«Transcendentalism» and «Transformism»
Kantian Inheritances in the Evolutionary Biology of Yesterday and Today
DOI:
https://doi.org/10.6093/2284-0184/10685Keywords:
Kant, Transcendentalism, Evolutionism, Epigenetics, Evo-Devo BiologyAbstract
The first two sections of this paper document the fact that Kant disseminated cautious but clear references to the then emerging question of the fixity or modifiability of species throughout his written production, taking a stand, albeit oscillations and ambiguities that recent studies have highlighted (Wilson 2005; Zammito 2012; Gambarotto, Nahas 2022), in favor of the idea of a common origin of all the living beings and of the hypothesis of the animal origin of man. The third paragraph suggests some reflections on the tension between the transcendental and the historical-genealogical approach that runs through the Kantian anthropological writings. According to the first the way the basic forms of human knowledge are organized is totally independent of human experience, prehistory and history. For the second, however, these forms have evolved precisely through the confrontation of human groups with the difficulties and opportunities that their living environments presented. This tension, which does not seem to find full theoretical reconciliation in Kant’s writings, gave rise, in the following centuries, to numerous attempts to make the connection between natural history and forms of knowledge comprehensible, through a historical-genealogical reinterpretation of the Kantian theoretical apriorism and methodological finalism.
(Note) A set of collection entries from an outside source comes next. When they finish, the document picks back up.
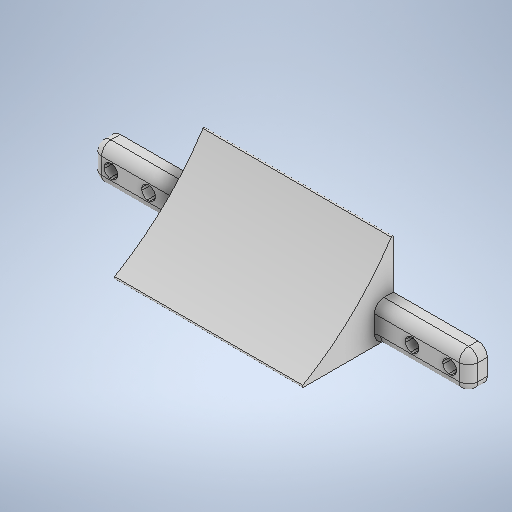
# Autodesk Inventor part: intake ramp piece
Saved by Autodesk Inventor 2025.1 (Build 291241020, 241B)
## iProperties
Created: 2024-12-04
Part Number: intake ramp piece
Material: Generic
Document SubType Name: Modeling
Designer: Hunter Mathis
Density: 1 g/cm^3
Appearance: Default
Author: Hunter Mathis
Autodesk Inventor part; units mm, degrees
ref_plane "YZ Plane" through (0, 0, 0) normal (1, 0, 0) x (0, 1, 0)
ref_plane "XZ Plane" through (0, 0, 0) normal (0, 1, 0) x (-1, 0, 0)
ref_plane "XY Plane" through (0, 0, 0) normal (0, 0, 1) x (1, 0, 0)
sketch "Sketch1" plane through (0, 0, 0) normal (0, 0, 1) x (1, 0, 0)
  line L0 (0, 0) -> (127, 0)
  line L1 (127, 0) -> (127, 11.9126)
  line L2 (127, 11.9126) -> (0, 11.9126)
  line L3 (0, 11.9126) -> (0, 0)
  dimension "d0" = 127
  dimension "d1" = 11.9126
  constraints: 8 end point, 2 parallel, 1 horizontal, 1 perpendicular
  measures "d0" distance of L1.end L2.end
  measures "d1" distance of L0.end L1.end
extrude "Extrusion1" add sketch "Sketch1" along normal blind 6.35
sketch "Sketch3" plane through (0, 0, 0) normal (0, 0, -1) x (-1, 0, 0)
  line L0 (-127, 0) -> (-127, 11.9126) projected
  line L1 (-127, 5.9563) -> (-120.65, 5.9563)
  line L2 (-127, 11.9126) -> (0, 11.9126) projected
  line L3 (0, 0) -> (-127, 0) projected
  line L4 (0, 11.9126) -> (0, 0) projected
  line L5 (-121.412, 8.2423) -> (-119.888, 8.2423)
  line L6 (-118.364, 6.7183) -> (-118.364, 5.1943)
  line L7 (-119.888, 3.6703) -> (-121.412, 3.6703)
  line L8 (-122.936, 5.1943) -> (-122.936, 6.7183)
  arc A0 (-121.412, 8.2423) -> (-122.936, 6.7183) centre (-121.412, 6.7183) ccw
  arc A1 (-118.364, 6.7183) -> (-119.888, 8.2423) centre (-119.888, 6.7183) ccw
  arc A2 (-119.888, 3.6703) -> (-118.364, 5.1943) centre (-119.888, 5.1943) ccw
  arc A3 (-122.936, 5.1943) -> (-121.412, 3.6703) centre (-121.412, 5.1943) ccw
  line L9 (-107.188, 3.6703) -> (-108.712, 3.6703)
  line L10 (-105.664, 6.7183) -> (-105.664, 5.1943)
  arc A4 (-105.664, 6.7183) -> (-107.188, 8.2423) centre (-107.188, 6.7183) ccw
  arc A5 (-110.236, 5.1943) -> (-108.712, 3.6703) centre (-108.712, 5.1943) ccw
  line L11 (-110.236, 5.1943) -> (-110.236, 6.7183)
  line L12 (-108.712, 8.2423) -> (-107.188, 8.2423)
  arc A6 (-108.712, 8.2423) -> (-110.236, 6.7183) centre (-108.712, 6.7183) ccw
  arc A7 (-107.188, 3.6703) -> (-105.664, 5.1943) centre (-107.188, 5.1943) ccw
  line L13 (-94.488, 3.6703) -> (-96.012, 3.6703)
  line L14 (-92.964, 6.7183) -> (-92.964, 5.1943)
  arc A8 (-92.964, 6.7183) -> (-94.488, 8.2423) centre (-94.488, 6.7183) ccw
  arc A9 (-97.536, 5.1943) -> (-96.012, 3.6703) centre (-96.012, 5.1943) ccw
  line L15 (-97.536, 5.1943) -> (-97.536, 6.7183)
  line L16 (-96.012, 8.2423) -> (-94.488, 8.2423)
  arc A10 (-96.012, 8.2423) -> (-97.536, 6.7183) centre (-96.012, 6.7183) ccw
  arc A11 (-94.488, 3.6703) -> (-92.964, 5.1943) centre (-94.488, 5.1943) ccw
  line L17 (-81.788, 3.6703) -> (-83.312, 3.6703)
  line L18 (-80.264, 6.7183) -> (-80.264, 5.1943)
  arc A12 (-80.264, 6.7183) -> (-81.788, 8.2423) centre (-81.788, 6.7183) ccw
  arc A13 (-84.836, 5.1943) -> (-83.312, 3.6703) centre (-83.312, 5.1943) ccw
  line L19 (-84.836, 5.1943) -> (-84.836, 6.7183)
  line L20 (-83.312, 8.2423) -> (-81.788, 8.2423)
  arc A14 (-83.312, 8.2423) -> (-84.836, 6.7183) centre (-83.312, 6.7183) ccw
  arc A15 (-81.788, 3.6703) -> (-80.264, 5.1943) centre (-81.788, 5.1943) ccw
  line L21 (-69.088, 3.6703) -> (-70.612, 3.6703)
  line L22 (-67.564, 6.7183) -> (-67.564, 5.1943)
  arc A16 (-67.564, 6.7183) -> (-69.088, 8.2423) centre (-69.088, 6.7183) ccw
  arc A17 (-72.136, 5.1943) -> (-70.612, 3.6703) centre (-70.612, 5.1943) ccw
  line L23 (-72.136, 5.1943) -> (-72.136, 6.7183)
  line L24 (-70.612, 8.2423) -> (-69.088, 8.2423)
  arc A18 (-70.612, 8.2423) -> (-72.136, 6.7183) centre (-70.612, 6.7183) ccw
  arc A19 (-69.088, 3.6703) -> (-67.564, 5.1943) centre (-69.088, 5.1943) ccw
  line L25 (-56.388, 3.6703) -> (-57.912, 3.6703)
  line L26 (-54.864, 6.7183) -> (-54.864, 5.1943)
  arc A20 (-54.864, 6.7183) -> (-56.388, 8.2423) centre (-56.388, 6.7183) ccw
  arc A21 (-59.436, 5.1943) -> (-57.912, 3.6703) centre (-57.912, 5.1943) ccw
  line L27 (-59.436, 5.1943) -> (-59.436, 6.7183)
  line L28 (-57.912, 8.2423) -> (-56.388, 8.2423)
  arc A22 (-57.912, 8.2423) -> (-59.436, 6.7183) centre (-57.912, 6.7183) ccw
  arc A23 (-56.388, 3.6703) -> (-54.864, 5.1943) centre (-56.388, 5.1943) ccw
  line L29 (-43.688, 3.6703) -> (-45.212, 3.6703)
  line L30 (-42.164, 6.7183) -> (-42.164, 5.1943)
  arc A24 (-42.164, 6.7183) -> (-43.688, 8.2423) centre (-43.688, 6.7183) ccw
  arc A25 (-46.736, 5.1943) -> (-45.212, 3.6703) centre (-45.212, 5.1943) ccw
  line L31 (-46.736, 5.1943) -> (-46.736, 6.7183)
  line L32 (-45.212, 8.2423) -> (-43.688, 8.2423)
  arc A26 (-45.212, 8.2423) -> (-46.736, 6.7183) centre (-45.212, 6.7183) ccw
  arc A27 (-43.688, 3.6703) -> (-42.164, 5.1943) centre (-43.688, 5.1943) ccw
  line L33 (-30.988, 3.6703) -> (-32.512, 3.6703)
  line L34 (-29.464, 6.7183) -> (-29.464, 5.1943)
  arc A28 (-29.464, 6.7183) -> (-30.988, 8.2423) centre (-30.988, 6.7183) ccw
  arc A29 (-34.036, 5.1943) -> (-32.512, 3.6703) centre (-32.512, 5.1943) ccw
  line L35 (-34.036, 5.1943) -> (-34.036, 6.7183)
  line L36 (-32.512, 8.2423) -> (-30.988, 8.2423)
  arc A30 (-32.512, 8.2423) -> (-34.036, 6.7183) centre (-32.512, 6.7183) ccw
  arc A31 (-30.988, 3.6703) -> (-29.464, 5.1943) centre (-30.988, 5.1943) ccw
  line L37 (-18.288, 3.6703) -> (-19.812, 3.6703)
  line L38 (-16.764, 6.7183) -> (-16.764, 5.1943)
  arc A32 (-16.764, 6.7183) -> (-18.288, 8.2423) centre (-18.288, 6.7183) ccw
  arc A33 (-21.336, 5.1943) -> (-19.812, 3.6703) centre (-19.812, 5.1943) ccw
  line L39 (-21.336, 5.1943) -> (-21.336, 6.7183)
  line L40 (-19.812, 8.2423) -> (-18.288, 8.2423)
  arc A34 (-19.812, 8.2423) -> (-21.336, 6.7183) centre (-19.812, 6.7183) ccw
  arc A35 (-18.288, 3.6703) -> (-16.764, 5.1943) centre (-18.288, 5.1943) ccw
  line L41 (-5.588, 3.6703) -> (-7.112, 3.6703)
  line L42 (-4.064, 6.7183) -> (-4.064, 5.1943)
  arc A36 (-4.064, 6.7183) -> (-5.588, 8.2423) centre (-5.588, 6.7183) ccw
  arc A37 (-8.636, 5.1943) -> (-7.112, 3.6703) centre (-7.112, 5.1943) ccw
  line L43 (-8.636, 5.1943) -> (-8.636, 6.7183)
  line L44 (-7.112, 8.2423) -> (-5.588, 8.2423)
  arc A38 (-7.112, 8.2423) -> (-8.636, 6.7183) centre (-7.112, 6.7183) ccw
  arc A39 (-5.588, 3.6703) -> (-4.064, 5.1943) centre (-5.588, 5.1943) ccw
  circle A40 centre (-120.65, 5.9563) radius 2.3241
  circle A41 centre (-107.95, 5.9563) radius 2.3241
  circle A42 centre (-19.05, 5.9563) radius 2.3241
  circle A43 centre (-6.35, 5.9563) radius 2.3241
  point P0 (-95.25, 5.9563)
  point P1 (-82.55, 5.9563)
  point P2 (-69.85, 5.9563)
  point P3 (-57.15, 5.9563)
  point P4 (-44.45, 5.9563)
  point P5 (-31.75, 5.9563)
  point P6 (-4.064, 6.3754)
  point P7 (-5.9309, 8.2423)
  point P8 (-6.7691, 8.2423)
  point P9 (-8.636, 6.3754)
  point P10 (-8.636, 5.5372)
  point P11 (-6.7691, 3.6703)
  point P12 (-5.9309, 3.6703)
  point P13 (-4.064, 5.5372)
  point P14 (-16.764, 6.3754)
  point P15 (-18.6309, 8.2423)
  point P16 (-19.4691, 8.2423)
  point P17 (-21.336, 6.3754)
  point P18 (-21.336, 5.5372)
  point P19 (-19.4691, 3.6703)
  point P20 (-18.6309, 3.6703)
  point P21 (-16.764, 5.5372)
  point P22 (-105.664, 6.3754)
  point P23 (-107.5309, 8.2423)
  point P24 (-108.3691, 8.2423)
  point P25 (-110.236, 6.3754)
  point P26 (-110.236, 5.5372)
  point P27 (-108.3691, 3.6703)
  point P28 (-107.5309, 3.6703)
  point P29 (-105.664, 5.5372)
  point P30 (-118.364, 6.3754)
  point P31 (-120.2309, 8.2423)
  point P32 (-121.0691, 8.2423)
  point P33 (-122.936, 6.3754)
  point P34 (-122.936, 5.5372)
  point P35 (-121.0691, 3.6703)
  point P36 (-120.2309, 3.6703)
  point P37 (-118.364, 5.5372)
  dimension "d9" = 6.35
  dimension "d31" = 1.524
  dimension "d34" = 12.7
  dimension "d39" = 4.6482
  dimension "d40" = 4.6482
  dimension "d41" = 4.6482
  dimension "d42" = 4.6482
  constraints: 82 end point, 80 point on circle, 44 centre point, 8 tangent, 4 coincident, 3 equal radius, 3 horizontal, 2 parallel, 1 midpoint, 1 perpendicular, 189 other
  measures "d9" distance of L1.end L1.start
  measures "d31" radius of A0
  measures "d34" distance of L1.end point (-107.95, 5.956)
  measures "d39" diameter of A40
  measures "d40" diameter of A41
  measures "d41" diameter of A42
  measures "d42" diameter of A43
extrude "Extrusion5" cut sketch "Sketch3" against normal through all contours L8 A40 L5 L6 L7 | L9 A41 L11 L12 L10 | L37 A42 L39 L40 L38 | L41 A43 L43 L44 L42
extrude "Extrusion6" add sketch "Sketch3" along normal blind 1.5875 contours L13 A9 L15 A10 L16 A8 L14 A11 | L17 A13 L19 A14 L20 A12 L18 A15 | L21 A17 L23 A18 L24 A16 L22 A19 | L25 A21 L27 A22 L28 A20 L26 A23 | L29 A25 L31 A26 L32 A24 L30 A27 | L33 A29 L35 A30 L36 A28 L34 A31
fillet "Fillet1" radius 3.175 4 edges at (0, 11.9126, 3.175) (0, 0, 3.175) (127, 0, 3.175) (127, 11.9126, 3.175)
sketch "Sketch5" plane through (0, 0, 6.35) normal (0, 0, 1) x (1, 0, 0)
  line L0 (0, 8.7376) -> (0, 3.175) projected
  line L1 (0, 5.9563) -> (63.5, 5.9563)
  line L2 (63.5, 5.9563) -> (63.5, 0)
  line L3 (3.175, 0) -> (123.825, 0) projected
  line L4 (95.25, -0.7937) -> (31.75, -0.7937)
  line L5 (31.75, -0.7937) -> (31.75, 0.7938)
  line L6 (31.75, 0.7938) -> (95.25, 0.7938)
  line L7 (95.25, 0.7938) -> (95.25, -0.7937)
  line L8 (95.25, -0.7937) -> (31.75, 0.7938) construction
  line L9 (31.75, -0.7937) -> (95.25, 0.7938) construction
  point P0 (0, 0)
  point P1 (95.25, 0)
  point P2 (31.75, 0)
  dimension "d49" = 63.5
  dimension "d50" = 63.5
  dimension "d57" = 1.5875
  constraints: 16 end point, 4 midpoint, 2 horizontal, 2 parallel, 1 perpendicular
  measures "d49" distance of L1.start L1.end
  measures "d50" distance of L5.end L6.end
  measures "d57" distance of L4.end L5.end
extrude "Extrusion7" add sketch "Sketch5" along normal blind 25.4
sketch "Sketch6" plane through (0, 0, 6.35) normal (0, 0, -1) x (-1, 0, 0)
  line L0 (-95.25, -0.7937) -> (-95.25, 0) projected
  line L1 (-95.25, 0) -> (-95.25, -0.7937)
  line L2 (-95.25, -0.7937) -> (-31.731, -0.7937)
  line L3 (-31.731, -0.7937) -> (-31.731, 0)
  line L4 (-31.731, 0) -> (-95.25, 0)
  point P0 (0, 0)
  constraints: 8 end point, 3 perpendicular, 1 vertical
extrude "Extrusion8" add sketch "Sketch6" along normal blind 6.35
sketch "Sketch7" plane through (31.75, 0.7938, 6.35) normal (0, 1, 0) x (1, 0, 0)
  line L0 (0, 0) -> (0, -25.4) projected
  line L1 (63.5, 0) -> (63.5, -25.4) projected
  line L2 (0, 0) -> (63.5, 0)
  line L3 (63.5, 0) -> (63.5, -25.4)
  line L4 (0, -25.4) -> (63.5, -25.4) projected
  line L5 (63.5, -25.4) -> (0, -25.4)
  line L6 (0, -25.4) -> (0, 0)
  point P0 (-31.75, 6.35)
  constraints: 8 end point, 2 collinear, 1 horizontal, 1 perpendicular
extrude "Extrusion9" add sketch "Sketch7" along normal blind 29.21
fillet "Fillet6" radius 3.175 1 edges at (31.731, 0, 3.175)
fillet "Fillet7" radius 3.175 1 edges at (95.25, 0, 3.175)
fillet "Fillet9" radius 3.175 5 edges at (0.9299, 10.9827, 6.35) (0, 5.9563, 6.35) (0.9299, 0.9299, 6.35) (16.403, 0, 6.35) (30.7535, -0.2051, 6.35)
fillet "Fillet11" radius 3.175 4 edges at (126.0701, 0.9299, 6.35) (127, 5.9563, 6.35) (96.2275, -0.2051, 6.35) (110.5875, 0, 6.35)
sketch "Sketch16" plane through (3.175, 11.9126, 0) normal (0, 1, 0) x (1, 0, 0)
  line L0 (92.075, -6.35) -> (28.575, -6.35) projected
  line L1 (92.075, -3.175) -> (92.075, 0) projected
  line L2 (92.075, -6.35) -> (92.075, 0)
  line L3 (92.075, 0) -> (27.6367, 0)
  line L4 (28.575, -6.35) -> (28.575, 0)
  line L5 (120.65, 0) -> (0, 0) projected
  line L6 (26.456, -6.35) -> (28.575, -6.35) projected
  line L7 (28.575, -6.35) -> (92.075, -6.35)
  point P0 (-3.175, 0)
  constraints: 8 end point, 2 collinear, 2 perpendicular, 1 point on line
extrude "Extrusion17" add sketch "Sketch16" along normal blind 17.4625
sketch "Sketch17" plane through (31.75, -0.7937, 31.75) normal (-1, 0, 0) x (0, 0, 1)
  line L0 (-31.75, 30.1688) -> (-25.4, 30.1688) projected
  line L1 (-28.2927, 0) -> (0, 0) projected
  arc A0 (-31.75, 30.1688) -> (0, 0) centre (43.4747, 77.5446) ccw
  line L2 (-31.75, 30.1688) -> (-31.75, 35.6548)
  line L3 (-31.75, 35.6548) -> (0, 35.6548)
  line L4 (0, 35.6548) -> (0, 0)
  point P0 (-31.75, 0.7937)
  dimension "d87" = 88.9
  constraints: 6 end point, 2 perpendicular, 2 point on circle, 1 centre point, 1 vertical
  measures "d87" radius of A0
extrude "Extrusion18" cut sketch "Sketch17" against normal through all
fillet "Fillet13" radius 0.381 1 edges at (63.5, 29.3751, 0)
fillet "Fillet14" radius 0.381 1 edges at (63.5, -0.7937, 31.75)
body "Solid1"

The last three paragraphs briefly reconstruct some developments of three Kantian issues in the evolutionary biology of the twentieth century and in the contemporary evo-devo biology: a. the question: how to rethink the Kantian distinction between a priori and a posteriori in physiological and genealogical, historical-cultural and biographical terms, after the discovery of genetic and epigenetic inheritance? b. the question of the «regulatory» use of the Kantian teleological model in evolutionary biology; c. the question of the functions that the Kantian concept of the organism as both an organized and a self-organizing being» can perform in the current evo-devo biology.